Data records
== == ==
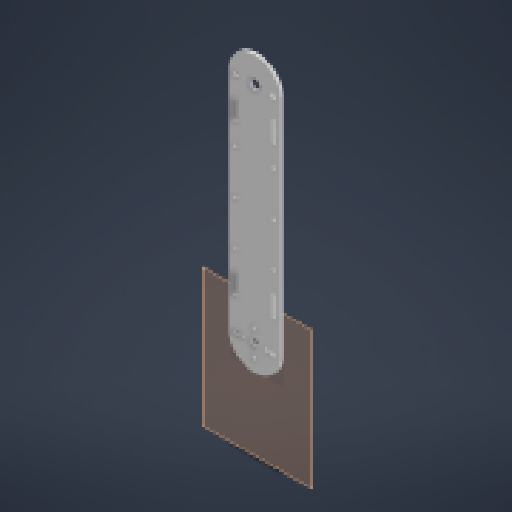
# Autodesk Inventor part: Link2Base
Saved by Autodesk Inventor 2023 (Build 270158000, 158)
## iProperties
Created: 2023-09-09
Part Number: Link2Base
Material: Generic
Document SubType Name: Modeling
Designer: philo
Density: 1 g/cm^3
Appearance: Default
Author: philo
Autodesk Inventor part; units mm, degrees
ref_plane "YZ Plane" through (0, 0, 0) normal (1, 0, 0) x (0, 1, 0)
ref_plane "XZ Plane" through (0, 0, 0) normal (0, 1, 0) x (-1, 0, 0)
ref_plane "XY Plane" through (0, 0, 0) normal (0, 0, 1) x (1, 0, 0)
ref_plane "Work Plane2" through (0.4904, 0, 14) normal (0, 0, 1) x (1, 0, 0)
sketch "Sketch1" plane through (0.4904, 0, 14) normal (0, 0, 1) x (1, 0, 0)
  line L0 (-25, 245.7065) -> (25, 245.7065)
  line L1 (25, 245.7065) -> (25, 5.7065)
  line L2 (25, 5.7065) -> (-25, 5.7065)
  line L3 (-25, 5.7065) -> (-25, 245.7065)
  line L4 (-25, 245.7065) -> (25, 245.7065)
  line L5 (20, 5.7065) -> (-20, 5.7065)
  circle A0 centre (0, 30.7065) radius 3.5 projected
  circle A1 centre (0, 30.7065) radius 25
  circle A2 centre (0, 245.7065) radius 25
  line L6 (-25, 30.7065) -> (-25, 245.7065)
  line L7 (25, 245.7065) -> (25, 30.7065)
  point P0 (-0.4904, 0)
  dimension "d19" = 50
  dimension "d6" = 240
  dimension "d7" = 0
  dimension "d9" = 50
  dimension "d10" = 25
  dimension "d11" = 25
  dimension "d12" = 25
  dimension "d13" = 0
  constraints: 16 end point, 3 parallel, 2 horizontal, 2 point on circle, 2 point on line, 1 centre point, 1 coincident, 1 midpoint, 1 perpendicular, 3 other
  measures "d6" distance between parallel lines of L2 L0
  measures "d7" distance between parallel lines of L0 L4
  measures "d9" diameter of A1
  measures "d10" distance from line of L3 A1.centre
  measures "d11" distance from line of L1 A1.centre
  measures "d12" distance from line of A1.centre L2
  measures "d13" distance between parallel lines of L5 L2
extrude "Extrusion1" add sketch "Sketch1" along normal blind 3 contours A2 L0 | A2 L1 A1 L3 | L0 A2 | A1
sketch "Sketch2" plane through (0.4904, 0, 17) normal (0, 0, 1) x (1, 0, 0)
  arc A0 (25, 245.7065) -> (-25, 245.7065) centre (0, 245.7065) ccw projected
  circle A1 centre (0, 245.7065) radius 5
  point P0 (-0.4904, 0)
  dimension "d16" = 10
  constraints: 1 centre point, 1 coincident
  measures "d16" diameter of A1
extrude "Extrusion2" cut sketch "Sketch2" against normal blind 3
sketch "Sketch3" plane through (0.4904, 0, 17) normal (0, 0, 1) x (1, 0, 0)
  line L0 (-20, 80.7065) -> (-17, 80.7065)
  line L1 (-17, 80.7065) -> (-17, 60.7065)
  line L2 (-17, 60.7065) -> (-20, 60.7065)
  line L3 (-20, 60.7065) -> (-20, 80.7065)
  line L4 (17, 80.7065) -> (20, 80.7065)
  line L5 (20, 80.7065) -> (20, 60.7065)
  line L6 (20, 60.7065) -> (17, 60.7065)
  line L7 (17, 60.7065) -> (17, 80.7065)
  line L8 (25, 30.7065) -> (25, 245.7065) projected
  line L9 (-25, 245.7065) -> (-25, 30.7065) projected
  circle A0 centre (0, 30.7065) radius 3.5 projected
  line L10 (-20, 225.7065) -> (-17, 225.7065)
  line L11 (-17, 225.7065) -> (-17, 205.7065)
  line L12 (-17, 205.7065) -> (-20, 205.7065)
  line L13 (-20, 205.7065) -> (-20, 225.7065)
  line L14 (17, 225.7065) -> (20, 225.7065)
  line L15 (20, 225.7065) -> (20, 205.7065)
  line L16 (20, 205.7065) -> (17, 205.7065)
  line L17 (17, 205.7065) -> (17, 225.7065)
  circle A1 centre (0, 245.7065) radius 5 projected
  circle A2 centre (-18.5, 185.7065) radius 1.5
  circle A3 centre (-18.5, 142.7065) radius 1.5
  circle A4 centre (18.5, 185.7065) radius 1.5
  circle A5 centre (18.5, 142.7065) radius 1.5
  circle A6 centre (18.5, 100.7065) radius 1.5
  circle A7 centre (-18.5, 100.7065) radius 1.5
  point P0 (-0.4904, 0)
  dimension "d20" = 3
  dimension "d21" = 20
  dimension "d22" = 3
  dimension "d23" = 20
  dimension "d24" = 5
  dimension "d25" = 5
  dimension "d26" = 30
  dimension "d27" = 3
  dimension "d28" = 20
  dimension "d29" = 3
  dimension "d30" = 20
  dimension "d31" = 20
  dimension "d32" = 5
  dimension "d33" = 5
  dimension "d34" = 3
  dimension "d35" = 3
  dimension "d36" = 3
  dimension "d37" = 3
  dimension "d38" = 3
  dimension "d39" = 3
  dimension "d40" = 6.5
  dimension "d41" = 6.5
  dimension "d42" = 6.5
  dimension "d43" = 6.5
  dimension "d44" = 6.5
  dimension "d45" = 6.5
  dimension "d46" = 20
  dimension "d47" = 20
  dimension "d48" = 20
  dimension "d49" = 20
  dimension "d50" = 42
  dimension "d51" = 42
  constraints: 32 end point, 8 parallel, 6 centre point, 4 horizontal, 4 perpendicular, 2 point on line
  measures "d20" distance of L1.end L2.end
  measures "d21" distance of L0.end L1.end
  measures "d22" distance of L5.end L6.end
  measures "d23" distance of L4.end L5.end
  measures "d24" distance between parallel lines of L8 L5
  measures "d25" distance between parallel lines of L9 L3
  measures "d26" distance from line of A0.centre L2
  measures "d27" distance of L11.end L12.end
  measures "d28" distance of L10.end L11.end
  measures "d29" distance of L15.end L16.end
  measures "d30" distance of L14.end L15.end
  measures "d31" distance from line of A1.centre L10
  measures "d32" distance between parallel lines of L9 L13
  measures "d33" distance between parallel lines of L8 L15
  measures "d34" diameter of A2
  measures "d35" diameter of A3
  measures "d36" diameter of A4
  measures "d37" diameter of A5
  measures "d38" diameter of A6
  measures "d39" diameter of A7
  measures "d40" distance from line of L8 A4.centre
  measures "d41" distance from line of L8 A5.centre
  measures "d42" distance from line of L8 A6.centre
  measures "d43" distance from line of L9 A7.centre
  measures "d44" distance from line of L9 A3.centre
  measures "d45" distance from line of L9 A2.centre
  measures "d46" distance from line of L12 A2.centre
  measures "d47" distance from line of L16 A4.centre
  measures "d48" distance from line of A6.centre L4
  measures "d49" distance from line of A7.centre L0
  measures "d50" distance of A6.centre A5.centre
  measures "d51" distance of A3.centre A7.centre
extrude "Extrusion3" cut sketch "Sketch3" against normal blind 10 contours L0 L1 L2 L3 | L4 L5 L6 L7 | L10 L11 L12 L13 | L14 L15 L16 L17 | A2 | A3 | A4 | A5 | A6 | A7
sketch "Sketch4" plane through (0.4904, 0, 17) normal (0, 0, 1) x (1, 0, 0)
  arc A0 (20.4946, 25.2317) -> (20.5054, 36.1404) centre (18, 30.6886) ccw projected
  line L0 (20.5054, 36.1404) -> (10.4453, 40.7636) projected
  arc A1 (10.4252, 20.6286) -> (10.4453, 40.7636) centre (0, 30.7065) ccw projected
  line L1 (10.4252, 20.6286) -> (20.4946, 25.2317) projected
  circle A2 centre (18, 30.6886) radius 2.5 projected
  arc A3 (-20.5376, 36.019) -> (-20.4622, 25.1105) centre (-18, 30.582) ccw projected
  line L2 (-20.4622, 25.1105) -> (-11.0226, 20.8627) projected
  arc A4 (-11.1577, 40.3969) -> (-11.0226, 20.8627) centre (0, 30.7065) ccw projected
  line L3 (-11.1577, 40.3969) -> (-20.5376, 36.019) projected
  circle A5 centre (-18, 30.582) radius 2.5 projected
  point P0 (-0.4904, 0)
extrude "Extrusion4" cut sketch "Sketch4" against normal blind 10 contours A2 | A5
sketch "Sketch5" plane through (0.4904, 0, 14) normal (0, 0, -1) x (-1, 0, 0)
  arc A0 (-20.5376, 251.019) -> (-20.4622, 240.1105) centre (-18, 245.582) ccw projected
  line L0 (-20.4622, 240.1105) -> (-11.0226, 235.8627) projected
  arc A1 (-11.1577, 255.3969) -> (-11.0226, 235.8627) centre (0, 245.7065) ccw projected
  line L1 (-11.1577, 255.3969) -> (-20.5376, 251.019) projected
  circle A2 centre (-18, 245.582) radius 2.5 projected
  arc A3 (20.4946, 240.2317) -> (20.5054, 251.1404) centre (18, 245.6886) ccw projected
  line L2 (20.5054, 251.1404) -> (10.4453, 255.7636) projected
  arc A4 (10.4252, 235.6286) -> (10.4453, 255.7636) centre (0, 245.7065) ccw projected
  line L3 (10.4252, 235.6286) -> (20.4946, 240.2317) projected
  circle A5 centre (18, 245.6886) radius 2.5 projected
  point P0 (0.4904, 0)
extrude "Extrusion5" cut sketch "Sketch5" against normal blind 10 contours A2 | A5
sketch "Sketch6" plane through (0.4904, 0, 14) normal (0, 0, -1) x (-1, 0, 0)
  circle A0 centre (0, 42.7065) radius 2 projected
  circle A1 centre (-12, 30.7065) radius 2 projected
  circle A2 centre (0, 18.7065) radius 2 projected
  circle A3 centre (12, 30.7065) radius 2 projected
  point P0 (0.4904, 0)
extrude "Extrusion6" cut sketch "Sketch6" against normal blind 10
body "Solid1"
== == ==
**Problem:**
If a line in the entries includes the word "Autodesk", copy that line out.

**Result:**
# Autodesk Inventor part: Link2Base
Saved by Autodesk Inventor 2023 (Build 270158000, 158)
Autodesk Inventor part; units mm, degrees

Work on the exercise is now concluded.